Re: [PATCH v2 00/10] send-email: various optimizations to speed up by >2x

Ævar Arnfjörð Bjarmason <avarab@xxxxxxxxx> · Fri, 21 May 2021 08:23:15 +0200

On Fri, May 21 2021, Junio C Hamano wrote:

> Jeff King <peff@xxxxxxxx> writes:
>
>> I like all of this, except for the change in the interface of
>> Git::config_regexp(). You mention that it's new-ish, and probably not in
>> wide use. And I agree that's probably true. But it feels like violating
>> a principle of not breaking APIs, and we should stick to that principle
>> and not bend it for "well, it's not that old an API".
>>
>> I'd find it more compelling if it the existing interface was broken or
>> hard to avoid changing. But couldn't we just add a new function with the
>> extra info (config_regexp_with_values() or something)?
>
> We seem to use it in-tree only once, but we have no control over
> what out-of-tree users have been doing.

I thought people might have bought my argument in v1 that we just
document these as "public" as part of some copy/pasting in Git.pm, but
sure, I'll re-roll and make this a new function or something...

> I do like your proposed name for the fact that it has _with_values
> in it; the original gave us only a list of configuration variable
> names, and now we are getting name-value tuples.
>
> BUT
>
> I am not sure if I like the new interface, and I do not know if the
> the name "config_with_values" is a good match for what it does.
>
> Namely, when a function is described as:
>
>     =item config_regexp ( RE )
>
>     Retrieve the list of configuration key names matching the regular
>     expression C<RE>. The return value is an ARRAY of key-value pairs.
>
> I would expect it to return ([key1, value1], [key2, value2], ...),
> but the implementation returns (key1, value1, key2, value2, ...),
> i.e. a flattened list, if I am not mistaken.

...

>     my @cmd = ('config', '--null', '--get-regexp', $regex);
>     unshift @cmd, $self if $self;
>     my $data = command(@cmd);
>     my (@kv) = map { split /\n/, $_, 2 } split /\0/, $data;
>     return @kv;
>
> We get NUL terminated records, so we first split the entire output
> at NULs (to get a list of key-value records).  Each key-value record
> has the key followed by LF followed by value, so we split it at the
> first LF (i.e. a value with an embedded LF would behave correctly)
> to extract key and value out of it.  But the resulting list is a
> flat list with alternating key and value.
>
> The side that works on the returned value of courese knows that it
> is getting a flattened list and acts accordingly:
>
>     my @kv = Git::config_regexp("^sende?mail[.]");
>     while (my ($k, $v) = splice @kv, 0, 2) {
>         push @{$known_config_keys{$k}} => $v;
>     }
>
> Perhaps it may be more performant than a more obvious and
> straight-forward "list of tuples", i.e.
>
>     return map { [split /\n/, $_, 2] } split /\0/, $data;
>
>     my @kv = Git::config_regexp("^sende?mail[.]");
>     for my $tuple (@kv) {
>         push @{$known_config_keys{$tuple->[0]}}, $tuple->[1];
>     }
>
> but somehow the flattened list felt unnatural at least to a naïve
> reader like me.

The "performant" really doesn't matter here, we're comparing shelling
out to getting a small number of config keys back.

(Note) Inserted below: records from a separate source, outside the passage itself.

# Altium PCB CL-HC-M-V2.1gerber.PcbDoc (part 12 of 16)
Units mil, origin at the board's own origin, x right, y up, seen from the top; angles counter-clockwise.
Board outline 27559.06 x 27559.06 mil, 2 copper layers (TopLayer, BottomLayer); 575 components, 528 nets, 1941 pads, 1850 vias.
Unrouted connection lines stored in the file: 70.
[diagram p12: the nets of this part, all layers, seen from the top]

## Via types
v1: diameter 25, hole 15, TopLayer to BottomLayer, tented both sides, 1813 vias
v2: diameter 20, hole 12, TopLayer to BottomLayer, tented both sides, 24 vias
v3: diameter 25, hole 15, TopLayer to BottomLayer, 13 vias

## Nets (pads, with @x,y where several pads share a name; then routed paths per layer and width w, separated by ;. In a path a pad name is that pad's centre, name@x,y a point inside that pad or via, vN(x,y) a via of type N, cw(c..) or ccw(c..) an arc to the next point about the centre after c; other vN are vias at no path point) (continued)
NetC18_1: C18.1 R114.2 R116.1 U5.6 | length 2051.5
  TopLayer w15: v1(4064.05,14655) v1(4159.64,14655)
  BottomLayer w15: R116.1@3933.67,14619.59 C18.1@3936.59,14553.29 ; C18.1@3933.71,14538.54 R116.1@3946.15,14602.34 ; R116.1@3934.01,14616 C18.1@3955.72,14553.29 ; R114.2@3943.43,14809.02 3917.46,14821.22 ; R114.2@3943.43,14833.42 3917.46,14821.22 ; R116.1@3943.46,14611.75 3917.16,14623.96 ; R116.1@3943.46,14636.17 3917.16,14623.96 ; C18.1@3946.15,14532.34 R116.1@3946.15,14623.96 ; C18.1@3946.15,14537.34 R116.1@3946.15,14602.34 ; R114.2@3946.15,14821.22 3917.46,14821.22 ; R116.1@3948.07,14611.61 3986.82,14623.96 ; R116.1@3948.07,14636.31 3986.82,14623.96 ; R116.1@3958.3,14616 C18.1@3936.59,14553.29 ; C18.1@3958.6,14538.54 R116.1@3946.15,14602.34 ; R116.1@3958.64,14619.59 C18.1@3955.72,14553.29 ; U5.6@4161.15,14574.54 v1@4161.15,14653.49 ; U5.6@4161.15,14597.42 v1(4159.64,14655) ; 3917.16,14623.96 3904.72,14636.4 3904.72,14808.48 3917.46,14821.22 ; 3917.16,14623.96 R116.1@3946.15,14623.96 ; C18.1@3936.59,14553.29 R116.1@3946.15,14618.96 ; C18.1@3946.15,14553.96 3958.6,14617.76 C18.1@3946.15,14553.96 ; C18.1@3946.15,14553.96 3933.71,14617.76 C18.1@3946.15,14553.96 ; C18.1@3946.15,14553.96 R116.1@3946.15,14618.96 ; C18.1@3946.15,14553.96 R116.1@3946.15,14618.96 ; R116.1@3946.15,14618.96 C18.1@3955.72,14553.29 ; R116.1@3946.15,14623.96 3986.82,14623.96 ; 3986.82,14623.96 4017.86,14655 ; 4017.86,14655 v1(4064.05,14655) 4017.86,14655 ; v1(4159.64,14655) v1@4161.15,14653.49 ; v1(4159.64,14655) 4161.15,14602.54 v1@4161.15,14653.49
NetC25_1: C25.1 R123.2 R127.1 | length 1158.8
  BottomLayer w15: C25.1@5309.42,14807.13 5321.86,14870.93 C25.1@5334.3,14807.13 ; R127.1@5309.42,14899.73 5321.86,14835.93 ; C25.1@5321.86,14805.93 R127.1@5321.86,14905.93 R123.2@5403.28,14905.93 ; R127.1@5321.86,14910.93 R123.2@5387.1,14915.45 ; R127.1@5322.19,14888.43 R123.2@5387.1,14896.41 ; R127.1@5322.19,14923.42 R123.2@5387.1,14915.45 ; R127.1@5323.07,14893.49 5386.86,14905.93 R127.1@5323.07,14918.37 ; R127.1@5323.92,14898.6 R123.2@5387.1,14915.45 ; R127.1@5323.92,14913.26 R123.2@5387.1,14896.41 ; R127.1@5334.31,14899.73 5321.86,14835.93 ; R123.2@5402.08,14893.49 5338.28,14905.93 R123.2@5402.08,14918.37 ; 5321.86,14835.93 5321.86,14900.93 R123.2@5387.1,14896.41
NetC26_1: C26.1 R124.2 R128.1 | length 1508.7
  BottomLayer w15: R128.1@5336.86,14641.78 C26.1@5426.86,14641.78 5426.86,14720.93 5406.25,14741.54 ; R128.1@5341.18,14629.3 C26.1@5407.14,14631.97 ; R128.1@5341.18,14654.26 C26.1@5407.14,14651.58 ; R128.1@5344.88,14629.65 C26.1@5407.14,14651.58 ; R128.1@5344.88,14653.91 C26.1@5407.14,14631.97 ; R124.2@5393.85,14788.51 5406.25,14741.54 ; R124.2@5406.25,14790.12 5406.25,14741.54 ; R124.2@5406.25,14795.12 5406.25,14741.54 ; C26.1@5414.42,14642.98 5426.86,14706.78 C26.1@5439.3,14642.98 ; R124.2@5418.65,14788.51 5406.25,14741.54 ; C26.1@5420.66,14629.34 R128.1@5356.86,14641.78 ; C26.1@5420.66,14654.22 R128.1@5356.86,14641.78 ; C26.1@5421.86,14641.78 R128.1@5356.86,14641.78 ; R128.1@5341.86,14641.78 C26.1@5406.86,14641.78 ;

So I wasn't trying to
optimize this.

Returning a flattened list is idiomatic in Perl, it means that a caller
can do any of:

    # I only care about the last value for a key, or only about
    # existence checks
    my %hash = func();

Or:

    # I want all key-values to iterate over
    my @kv = func();

Returning touples like this makes that less convenient for both, who'll
need to do more work to unpack them.

For what it's worth In Perl "return a list" means "flattened list", the
term "flattened list" I think comes from other languages. You'd call
what you're suggesting a list of arrays, or (if a top-level reference)
an array of arrays, AoA for short, AoH for array (ref) of hashes etc.